[Dataset items]
# # # # #

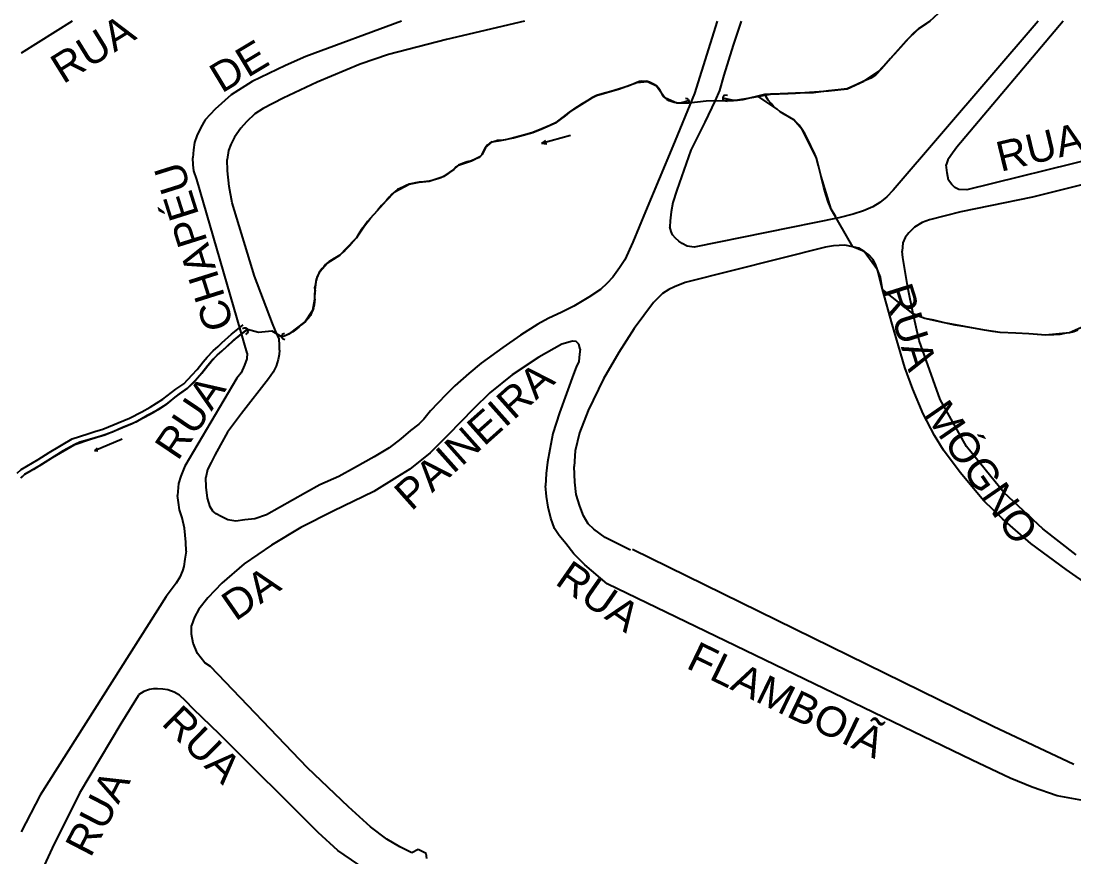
# Model space of a CAD drawing. Header units: millimetres. Extents: x 583 to 26013, y 350 to 21391.
# Drawn here: x 6591.2 to 6943.6, y 12104.1 to 12384 of the extents above; entities that cross this region are included whole.
import ezdxf

# ---------------------------------------------------------------- set-up
doc = ezdxf.new("R2010")
doc.units = ezdxf.units.MM
for name, color, linetype in [('105-QUADRAS_ESTRADAS', 80, 'Continuous'), ('110-CERCA_DE_ARAME', 10, 'Continuous'), ('145-', 130, 'Continuous'), ('RIOS', 140, 'Continuous')]:
    doc.layers.add(name, color=color, linetype=linetype)
doc.styles.add('EU', font='arial.ttf', dxfattribs={"height": 10})

msp = doc.modelspace()

# ---------------------------------------------------------------- linework, layer by layer
at = {"layer": '105-QUADRAS_ESTRADAS', "color": 0, "linetype": 'Continuous'}
for p, q in [((6608.31551, 12383.90241), (6591.21551, 12373.20241)), ((6718.51551, 12383.90241), (6686.51551, 12372.10241)), ((6759.61551, 12383.90241), (6733.61551, 12377.80241)), ((6824.11551, 12383.90241), (6816.51551, 12359.70241)), ((6832.21551, 12383.90241), (6829.51551, 12375.90241)), ((6931.61551, 12383.90241), (6883.11551, 12327.30241)), ((6939.91551, 12383.90241), (6904.31551, 12341.70241)), ((6733.61551, 12377.80241), (6714.11551, 12372.70241)), ((6591.21551, 12373.20241), (6591.21551, 12373.20241)), ((6829.51551, 12375.90241), (6826.41551, 12365.80241)), ((6686.51551, 12372.10241), (6679.71551, 12369.10241)), ((6704.71551, 12369.50241), (6690.31551, 12363.50241)), ((6714.11551, 12372.70241), (6704.71551, 12369.50241)), ((6679.71551, 12369.10241), (6668.51551, 12363.70241)), ((6826.41551, 12365.80241), (6824.91551, 12360.70241)), ((6668.51551, 12363.70241), (6661.51551, 12359.20241)), ((6690.31551, 12363.50241), (6678.91551, 12358.10241)), ((6661.51551, 12359.20241), (6656.11551, 12354.50241)), ((6816.51551, 12359.70241), (6809.31551, 12342.10241)), ((6824.91551, 12360.70241), (6823.51551, 12357.30241)), ((6678.91551, 12358.10241), (6672.21551, 12354.70241)), ((6823.51551, 12357.30241), (6820.01551, 12350.10241)), ((6656.11551, 12354.50241), (6652.81551, 12350.90241)), ((6669.41551, 12352.90241), (6666.61551, 12350.20241)), ((6672.21551, 12354.70241), (6669.41551, 12352.90241)), ((6651.31551, 12348.30241), (6650.01551, 12345.50241)), ((6652.81551, 12350.90241), (6651.31551, 12348.30241)), ((6664.71551, 12348.10241), (6662.61551, 12345.10241)), ((6666.61551, 12350.20241), (6664.71551, 12348.10241)), ((6820.01551, 12350.10241), (6815.31551, 12340.70241)), ((6650.01551, 12345.50241), (6649.21551, 12343.30241)), ((6662.61551, 12345.10241), (6661.41551, 12342.60241)), ((6981.11551, 12345.70241), (6907.71551, 12327.40241)), ((6649.21551, 12343.30241), (6648.91551, 12340.80241)), ((6661.41551, 12342.60241), (6660.61551, 12340.60241)), ((6809.31551, 12342.10241), (6800.11551, 12320.20241)), ((6904.31551, 12341.70241), (6902.41551, 12338.90241)), ((6648.91551, 12340.80241), (6648.61551, 12338.20241)), ((6648.81551, 12335.80241), (6648.61551, 12338.20241)), ((6660.61551, 12340.60241), (6660.11551, 12337.60241)), ((6660.21551, 12333.80241), (6660.11551, 12337.60241)), ((6815.31551, 12340.70241), (6810.61551, 12327.30241)), ((6902.41551, 12338.90241), (6901.31551, 12337.50241)), ((6649.01551, 12333.80241), (6648.81551, 12335.80241)), ((6901.31551, 12337.50241), (6900.81551, 12335.80241)), ((6901.11551, 12333.10241), (6900.81551, 12335.80241)), ((6650.01551, 12330.90241), (6649.01551, 12333.80241)), ((6666.81551, 12272.70241), (6650.01551, 12330.90241)), ((6660.81551, 12328.60241), (6660.21551, 12333.80241)), ((6901.61551, 12330.70241), (6901.11551, 12333.10241)), ((6902.71551, 12329.20241), (6901.61551, 12330.70241)), ((6958.41551, 12332.20241), (6929.71551, 12325.00241)), ((6661.81551, 12323.10241), (6660.81551, 12328.60241)), ((6810.61551, 12327.30241), (6809.31551, 12323.20241)), ((6883.11551, 12327.30241), (6880.91551, 12325.10241)), ((6903.71551, 12328.20241), (6902.71551, 12329.20241)), ((6905.01551, 12327.50241), (6903.71551, 12328.20241)), ((6907.71551, 12327.40241), (6905.01551, 12327.50241)), ((6880.91551, 12325.10241), (6878.61551, 12323.20241)), ((6929.71551, 12325.00241), (6915.51551, 12322.10241)), ((6669.31551, 12298.50241), (6661.81551, 12323.10241)), ((6800.11551, 12320.20241), (6795.91551, 12309.90241)), ((6808.71551, 12320.10241), (6808.41551, 12317.10241)), ((6809.31551, 12323.20241), (6808.71551, 12320.10241)), ((6873.11551, 12320.40241), (6869.71551, 12319.30241)), ((6876.21551, 12321.70241), (6873.11551, 12320.40241)), ((6878.61551, 12323.20241), (6876.21551, 12321.70241)), ((6905.71551, 12320.10241), (6895.21551, 12317.40241)), ((6915.51551, 12322.10241), (6905.71551, 12320.10241)), ((6808.41551, 12317.10241), (6808.31551, 12315.00241)), ((6864.91551, 12318.10241), (6816.41551, 12308.20241)), ((6869.71551, 12319.30241), (6864.91551, 12318.10241)), ((6892.71551, 12316.50241), (6890.21551, 12314.90241)), ((6895.21551, 12317.40241), (6892.71551, 12316.50241)), ((6808.71551, 12313.50241), (6808.31551, 12315.00241)), ((6809.21551, 12312.40241), (6808.71551, 12313.50241)), ((6888.31551, 12313.00241), (6887.11551, 12311.50241)), ((6890.21551, 12314.90241), (6888.31551, 12313.00241)), ((6795.91551, 12309.90241), (6793.21551, 12304.00241)), ((6810.21551, 12311.30241), (6809.21551, 12312.40241)), ((6811.31551, 12310.20241), (6810.21551, 12311.30241)), ((6812.41551, 12309.50241), (6811.31551, 12310.20241)), ((6814.11551, 12308.60241), (6812.41551, 12309.50241)), ((6886.31551, 12309.70241), (6886.11551, 12306.90241)), ((6887.11551, 12311.50241), (6886.31551, 12309.70241)), ((6860.41551, 12308.20241), (6813.41551, 12296.40241)), ((6816.41551, 12308.20241), (6814.11551, 12308.60241)), ((6863.11551, 12308.70241), (6860.41551, 12308.20241)), ((6866.91551, 12308.90241), (6863.11551, 12308.70241)), ((6869.61551, 12308.40241), (6866.91551, 12308.90241)), ((6871.51551, 12307.90241), (6869.61551, 12308.40241)), ((6873.31551, 12306.80241), (6871.51551, 12307.90241)), ((6874.91551, 12305.70241), (6873.31551, 12306.80241)), ((6886.31551, 12304.80241), (6886.11551, 12306.90241)), ((6793.21551, 12304.00241), (6791.41551, 12301.30241)), ((6876.21551, 12304.20241), (6874.91551, 12305.70241)), ((6877.11551, 12302.60241), (6876.21551, 12304.20241)), ((6877.81551, 12300.70241), (6877.11551, 12302.60241)), ((6888.01551, 12294.70241), (6886.31551, 12304.80241)), ((6791.41551, 12301.30241), (6789.21551, 12298.20241)), ((6878.81551, 12298.20241), (6877.81551, 12300.70241)), ((6675.31551, 12282.70241), (6669.31551, 12298.50241)), ((6787.31551, 12296.20241), (6785.11551, 12294.10241)), ((6789.21551, 12298.20241), (6787.31551, 12296.20241)), ((6813.41551, 12296.40241), (6809.91551, 12295.00241)), ((6879.51551, 12294.10241), (6878.81551, 12298.20241)), ((6785.11551, 12294.10241), (6781.21551, 12291.50241)), ((6805.81551, 12292.70241), (6802.81551, 12289.70241)), ((6808.01551, 12294.10241), (6805.81551, 12292.70241)), ((6809.91551, 12295.00241), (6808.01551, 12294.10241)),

# # # # #

# [The task]
Your response should be each line that includes the word "units", copied from the records.

# [Task response]
# Model space of a CAD drawing. Header units: millimetres. Extents: x 583 to 26013, y 350 to 21391.
doc.units = ezdxf.units.MM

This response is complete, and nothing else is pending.